お別れの記念日|片想い文芸部
ナルさんの下記記事に参加させていただきました。
よろしくお願いします。
「月が綺麗だから、今日は勝手に記念日にしようよ」
そう言ったのは、ルナだった。
思いつきで動く彼女に、僕はいつもついていく。
高校の帰り道。夏が始まったばかりの夜。
公園のブランコに座ったルナが、ゆらゆら揺れながら言った。
「ショウって、星みたい」
唐突すぎるその言葉に、僕は咳き込みそうになった。
「……それはどういう意味で言ってる?」
「いつも空の上で見守ってるの。私が変なこと言っても、黙ってついてきてくれるしさ」
「変なことって……ルナが変なのは、今に始まったことじゃないでしょ」
「えー、ひどくない?」
笑いながら、ルナは肩をすくめた。
ルナとは、保育園からずっと一緒だ。
近所に住んでいて、家族ぐるみの付き合いもある。
いわゆる“幼なじみ”。
でも最近、なんだか胸のあたりがギューッと苦しくなる。ルナを見つめる僕の眼差しが、以前とは違ってきている。
“好き”の温度が、変わってきたんだと思う。

「私さ、夏が終わったら引っ越すんだ」
さらっと言われた、その一言で
目の前が真っ白になった。
「……は?」
「うん。お父さんの転勤で。隣の県だけど、もう一緒に学校通えなくなると思う」
「そんなの……初耳……」
「言おうと思ってたけど、言えなかったんだ」
ルナは空を見たまま、淡々と言った。
それがルナだった。いつも自由で、ふわっとしてて、でもちゃんと、自分の中で何かを決めてるようにも見える。
するとルナは、ブランコを思いきり漕いで、前へジャンプして着地した。
その瞬間──
「いたっ!」
しゃがみ込んで足を押さえる。
「大丈夫? どうなった?」
「ひねったっぽい。
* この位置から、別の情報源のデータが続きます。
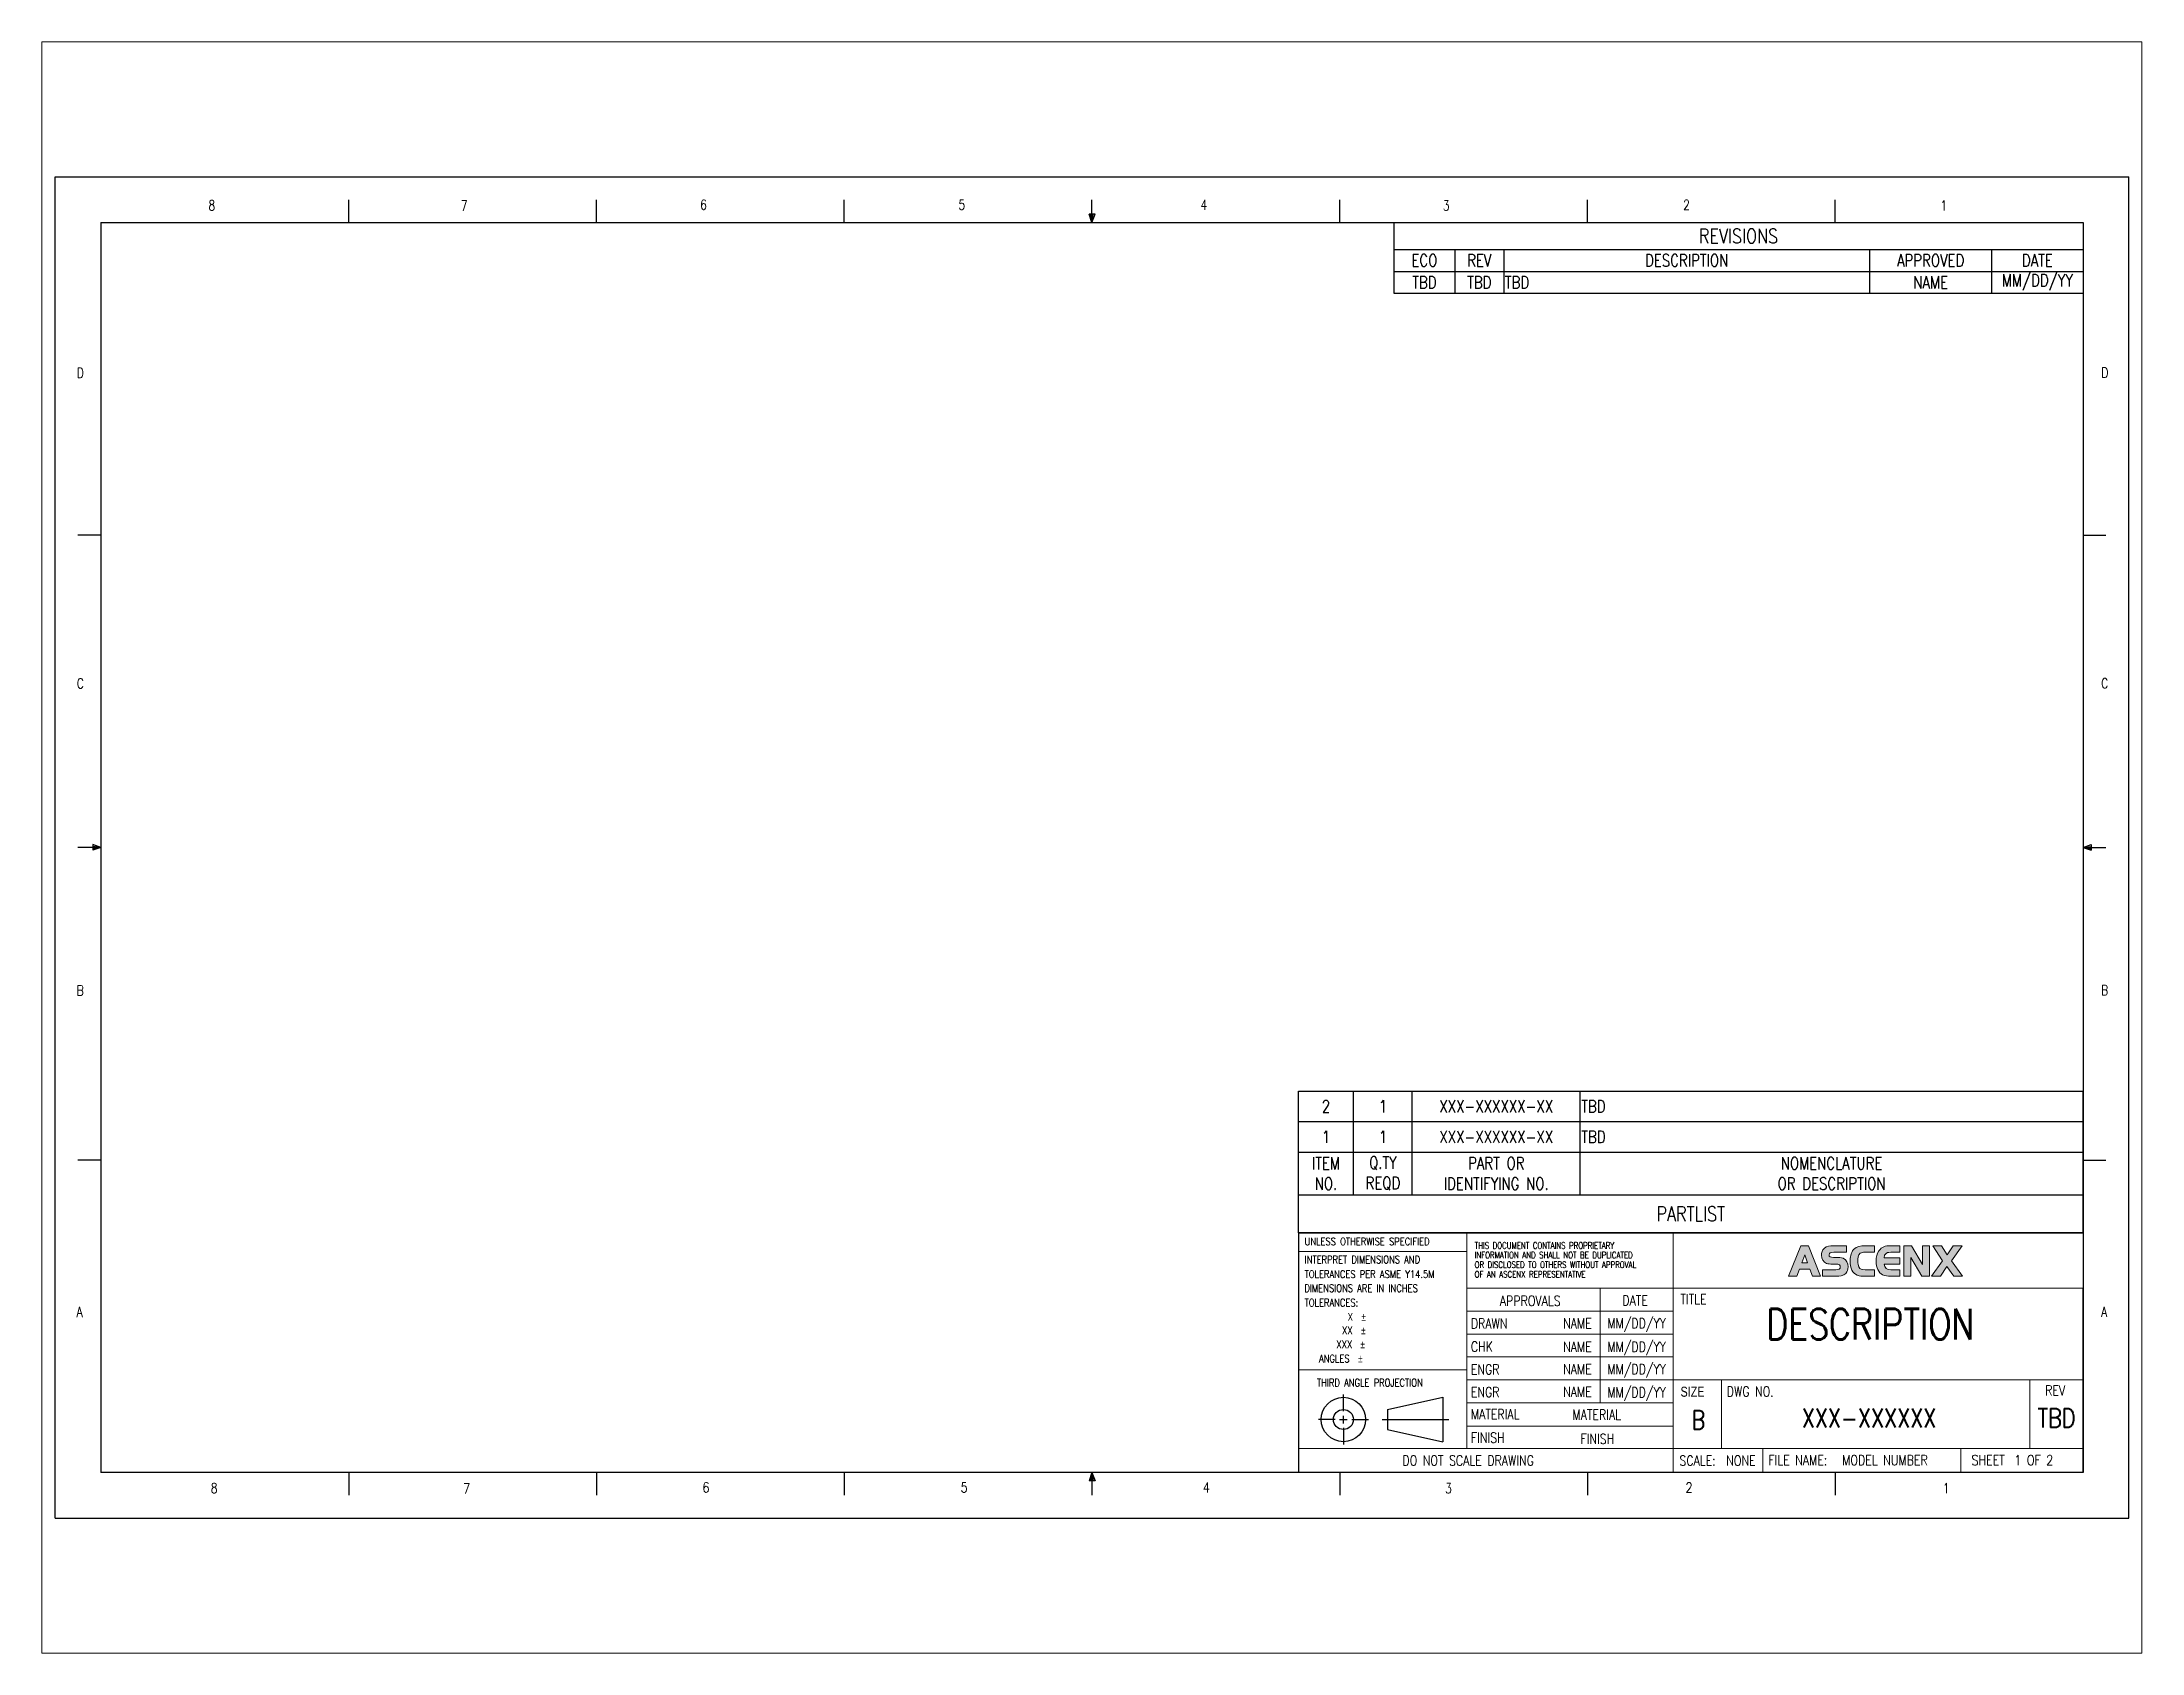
# Paper-space layout 'Layout2' of a CAD drawing. Header units: inches. Extents: x 1.08 to 9.68, y 0.82 to 7.42.
# The model-space entities are those that its viewports show. They can reach past a viewport. Long polylines and large blocks are cut down to what shows.
import ezdxf
from ezdxf.enums import TextEntityAlignment as Align

# ---------------------------------------------------------------- set-up
doc = ezdxf.new("R2010")
doc.units = ezdxf.units.IN
doc.header["$LTSCALE"] = 0.935
doc.header["$MEASUREMENT"] = 0
doc.linetypes.add('CENTER', pattern=[2, 1.25, -0.25, 0.25, -0.25])
doc.layers.get('0').update_dxf_attribs({"linetype": 'CONTINUOUS'})
for name, color, linetype, lineweight in [('Boder', 7, 'CONTINUOUS', 25), ('BOM Table', 2, 'CONTINUOUS', 18), ('Components', 7, 'CONTINUOUS', 18), ('REV-Table', 2, 'CONTINUOUS', 18), ('Text-T', 2, 'CONTINUOUS', 18), ('Title Block', 7, 'CONTINUOUS', 18)]:
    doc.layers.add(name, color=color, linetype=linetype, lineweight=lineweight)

これは歩けないかも」
「え!? ほら」
僕はしゃがんで、おんぶの体勢をとった。
歩けるかどうかなんて、正直どうでもよかった。
「やったー、ありがとう」
ふわっとルナが背中にかぶさる。
彼女の温度や匂いに包まれた瞬間、なぜだか涙が出そうになった。
こんなふうに彼女を背負うのも、これが最後かもしれない。
ルナが耳元でつぶやく。
「ねぇ、ショウ」
「ん?」
「月が綺麗だね」
「……それって」
(どういう意味で……)
そう訊こうとしたけど、ルナが遮った。
「子どもの頃もさ、こうやっておんぶしてくれたよね。覚えてる?」
「覚えてるよ。すぐこけるもんな、お前」
「あれね、ほとんどウソなの。ショウにおんぶしてもらえるのが嬉しかったの。ごめんね」
「そんなの、わかってたよ」
ルナは背中から降りると、少し前を歩いた。
僕はその後ろ姿を見つめながら訊いた。
「今日はなんの記念日なの?」
「忘れた。それは、あんまり重要じゃないから」
そのあと、ふたりで黙って空を見ていた。
ルナのあの態度は、まるで「気持ちは言わなくていい、わかってるから」と伝えているようだった。
行き場のない僕の想いは、喉の奥でつっかえて
そのまま、月に吸い込まれていった。
「ねぇ、もし私が“月”だとしたら、ショウは何?」
そう訊かれて、僕は少しだけ考えて答えた。
「星だろ。自分で言ってたじゃん。
きっといつでも、ルナのことを見守るから」
「ふふ、じゃあ安心して月の旅に出られるね」
そう言って笑ったルナを、僕はちゃんと見ていた。
きっと、あの笑顔をずっと忘れない。
そして─夏が終わった。
ルナは引っ越していった。
連絡先は知っている。でも、なかなか送れない。
ルナからも連絡は来ない。
でも、それでいいと思ってる。
きっと、あの夜が答えだったんだ。
月が綺麗だから、今日は勝手に記念日にしよう。
あの言葉は、さようならの代わりだったのかもしれない。
お別れの記念日。
でも、僕の心には今も、
あの日の月がやさしく浮かんでいる。